[英]Python add a space before and after a search word if there isn't in a file
We are trying to add a space before and after a matched word from a list of search words for each line in a file, if there isn't a space.如果没有空格,我们正在尝试在文件中每一行的搜索词列表中的匹配词之前和之后添加一个空格。
Input: Hi This is Manager Sam.输入:嗨,我是经理 Sam。 Hello, this is Director.Tom.
你好,我是导演汤姆。 How is your Day Mr.Manager Sam.
萨姆经理先生,你过得怎么样。
import re
f1=open('input.txt', 'r')
f2=open('outout.txt', 'w')
checkWords = ("Manager",Director)
for line in f1:
for checkword in checkWords:
line = re.sub(r'(\b${0}\b)'.format(checkword), r'\1 ', line)
print(line)
f2.write(line)
f1.close()
f2.close()
Expected Output: Hi This is Manager Sam.预期 Output:您好,我是 Sam 经理。 Hello, this is Director.Tom.
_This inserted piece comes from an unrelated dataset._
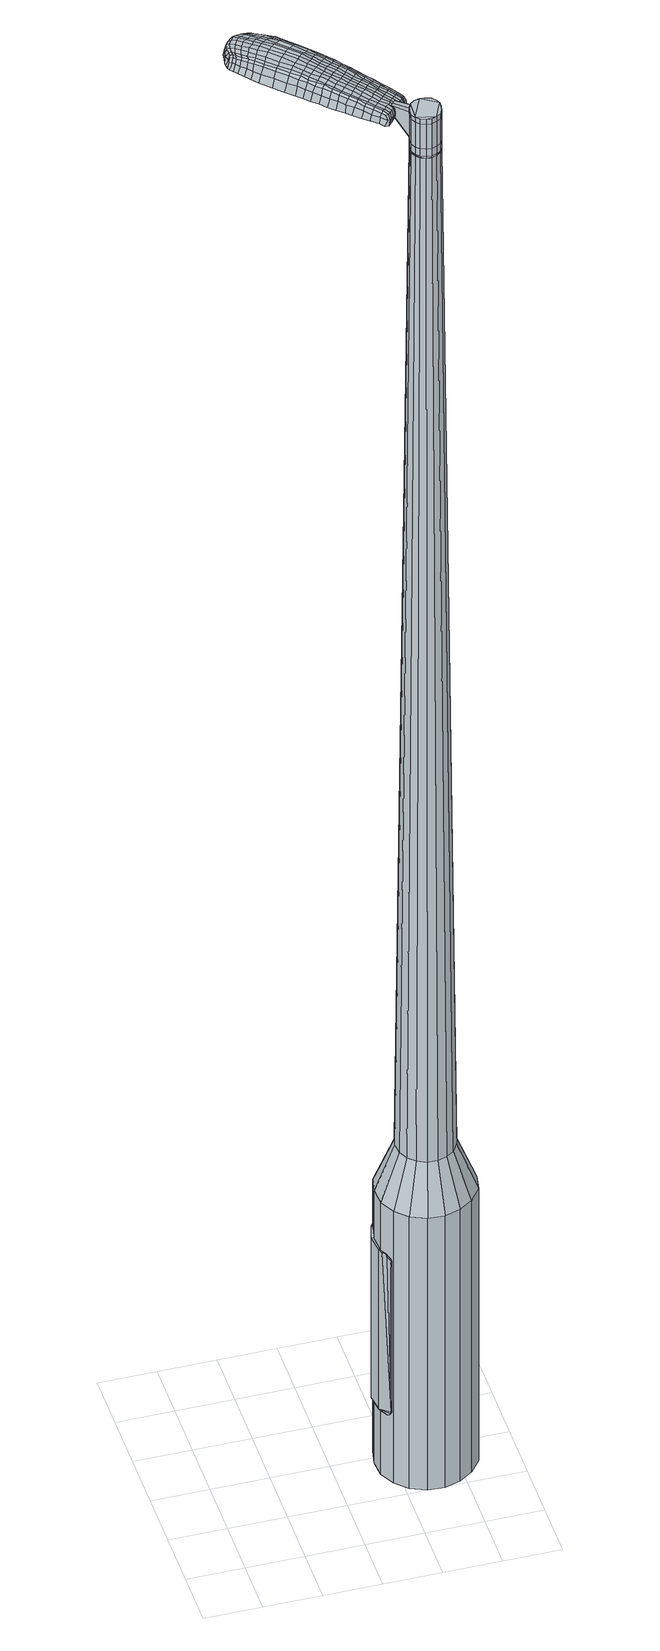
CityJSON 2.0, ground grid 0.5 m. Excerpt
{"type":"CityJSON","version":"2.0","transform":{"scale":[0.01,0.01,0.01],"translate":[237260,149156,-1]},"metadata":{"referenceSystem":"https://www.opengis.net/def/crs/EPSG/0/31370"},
"CityObjects":{
"object1":{"type":"GenericCityObject","attributes":{"cluster":1003,"mean_distance_to_centroid":0.144,"new_centroid_x":237261.79,"new_centroid_y":149156.91,"mean_distance_to_camera":6.18,"H1":24.82,"H2":17.06,"Z_final":111.97,"cluster2":-1,"proj_x":237265.51,"proj_y":149153.1,"id_line":66867,"bearing_l":225.71,"distance":5.32,"orientation":"right","G_obj":135.71},"geometry":[{"type":"MultiSurface","lod":"2","boundaries":[[[0,1,2,3]],[[1,4,5,2]],[[4,6,7,5]],[[6,8,9,7]],[[8,10,11,9]],[[10,12,13,11]],[[12,14,15,13]],[[14,16,17,15]],[[16,18,19,17]],[[18,20,21,19]],[[20,22,23,21]],[[22,24,25,23]],[[24,26,27,25]],[[26,28,29,27]],[[28,30,31,29]],[[30,32,33,31]],[[32,34,35,33]],[[34,0,3,35]],[[36,37,38,39]],[[38,40,41,42]],[[41,43,42]],[[42,44,45,46]],[[45,47,46]],[[46,48,49,50]],[[49,51,50]],[[42,46,50,38]],[[50,52,39,38]],[[53,36,39]],[[2,5,7,35]],[[7,9,11,15]],[[11,13,15]],[[15,17,19,23]],[[19,21,23]],[[23,25,27,31]],[[27,29,31]],[[15,23,31,7]],[[31,33,35,7]],[[3,2,35]],[[1,0,54,55]],[[0,34,56,54]],[[34,32,57,56]],[[32,30,58,57]],[[30,28,59,58]],[[28,26,60,59]],[[26,24,61,60]],[[24,22,62,61]],[[22,20,63,62]],[[20,18,64,63]],[[18,16,65,64]],[[16,14,66,65]],[[14,12,67,66]],[[12,10,68,67]],[[10,8,69,68]],[[8,6,70,69]],[[6,4,71,70]],[[4,1,55,71]],[[55,54,72,73]],[[54,56,74,72]],[[56,57,75,74]],[[57,58,76,75]],[[58,59,77,76]],[[59,60,78,77]],[[60,61,79,78]],[[61,62,80,79]],[[62,63,81,80]],[[63,64,82,81]],[[64,65,83,82]],[[65,66,84,83]],[[66,67,85,84]],[[67,68,86,85]],[[68,69,87,86]],[[69,70,88,87]],[[70,71,89,88]],[[71,55,73,89]],[[90,91,92,93]],[[74,94,91,90]],[[75,95,94,74]],[[96,97,95,75]],[[98,99,97,96]],[[100,101,99,98]],[[79,102,101,100]],[[103,104,102,79]],[[81,105,104,103]],[[106,107,105,81]],[[108,109,107,106]],[[84,110,109,108]],[[111,112,110,84]],[[113,114,112,111]],[[115,116,114,113]],[[117,118,116,115]],[[89,119,118,117]],[[93,92,119,89]],[[120,121,122,123]],[[124,120,123,125]],[[126,124,125,127]],[[128,126,127,129]],[[130,128,129,131]],[[132,130,131,133]],[[134,132,133,135]],[[136,134,135,137]],[[138,136,137,139]],[[140,138,139,141]],[[142,140,141,143]],[[144,142,143,145]],[[146,144,145,147]],[[148,146,147,149]],[[150,148,149,151]],[[152,150,151,153]],[[73,72,90,93]],[[72,74,90]],[[76,96,75]],[[76,77,98,96]],[[77,78,100,98]],[[78,79,100]],[[80,103,79]],[[80,81,103]],[[82,106,81]],[[82,83,108,106]],[[83,84,108]],[[85,111,84]],[[85,86,113,111]],[[86,87,115,113]],[[87,88,117,115]],[[88,89,117]],[[73,93,89]],[[154,155,92,91]],[[155,119,92]],[[156,118,119]],[[156,157,116,118]],[[157,158,114,116]],[[158,159,112,114]],[[159,110,112]],[[160,109,110]],[[160,161,107,109]],[[161,105,107]],[[162,104,105]],[[162,102,104]],[[163,101,102]],[[163,164,99,101]],[[164,165,97,99]],[[165,95,97]],[[154,91,94]],[[39,52,152,166]],[[155,154,167,153]],[[53,39,166,121]],[[154,94,122,167]],[[36,53,121,120]],[[94,95,123,122]],[[37,36,120,124]],[[95,165,125,123]],[[38,37,124,126]],[[165,164,127,125]],[[40,38,126,128]],[[164,163,129,127]],[[41,40,128,130]],[[163,102,131,129]],[[43,41,130,132]],[[102,162,133,131]],[[42,43,132,134]],[[162,105,135,133]],[[44,42,134,136]],[[105,161,137,135]],[[45,44,136,138]],[[161,160,139,137]],[[47,45,138,140]],[[160,110,141,139]],[[46,47,140,142]],[[110,159,143,141]],[[48,46,142,144]],[[159,158,145,143]],[[49,48,144,146]],[[158,157,147,145]],[[51,49,146,148]],[[157,156,149,147]],[[50,51,148,150]],[[156,119,151,149]],[[52,50,150,152]],[[119,155,153,151]],[[152,153,168,169]],[[153,167,170,168]],[[167,122,171,170]],[[122,121,172,171]],[[121,166,173,172]],[[166,152,169,173]],[[174,175,176,177]],[[178,174,177,179]],[[174,178,180,181]],[[175,174,181,182]],[[183,184,185,186]],[[187,183,186,188]],[[183,187,189,190]],[[184,183,190,191]],[[192,193,194,195]],[[196,192,195,197]],[[192,196,198,199]],[[193,192,199,200]],[[201,202,203,204]],[[205,201,204,206]],[[201,205,207,208]],[[202,201,208,209]],[[210,211,212,213]],[[214,210,213,215]],[[210,214,216,217]],[[211,210,217,218]],[[219,220,221,222]],[[223,219,222,224]],[[219,223,225,226]],[[220,219,226,227]],[[228,229,230,231]],[[220,228,231,221]],[[228,220,227,232]],[[229,228,232,233]],[[234,235,236,237]],[[229,234,237,230]],[[234,229,233,238]],[[235,234,238,239]],[[240,178,179,241]],[[235,240,241,236]],[[240,235,239,242]],[[178,240,242,180]],[[243,244,245,246]],[[247,243,246,248]],[[243,247,249,250]],[[244,243,250,251]],[[252,253,254,255]],[[244,252,255,245]],[[252,244,251,256]],[[253,252,256,257]],[[258,259,260,261]],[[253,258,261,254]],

你好,我是导演汤姆。 How is your Day Mr. Manager Sam.
萨姆经理先生,你过得怎么样。
Maybe you can use (index of checkword - 1) and (index of checkword + word's length) to check if there is a space in there or not.也许你可以使用 (index of checkword - 1) 和 (index of checkword + word's length) 来检查那里是否有空格。 Then you can use replace() accordingly.
然后你可以相应地使用 replace() 。
It's not very neat but this gives you expected output:它不是很整洁,但这给了你预期的 output:
import re
s = "Hi This is Manager Sam. Hello, this is Director.Tom. How is your Day Mr.Manager Sam."
words = ("Manager", "Director")
def add_spaces(string, words):
for word in words:
# pattern to match any non-space char before the word
patt1 = re.compile('\S{}'.format(word))
matches = re.findall(patt1, string)
for match in matches:
non_space_char = match[0]
string = string.replace(match, '{} {}'.format(non_space_char, word))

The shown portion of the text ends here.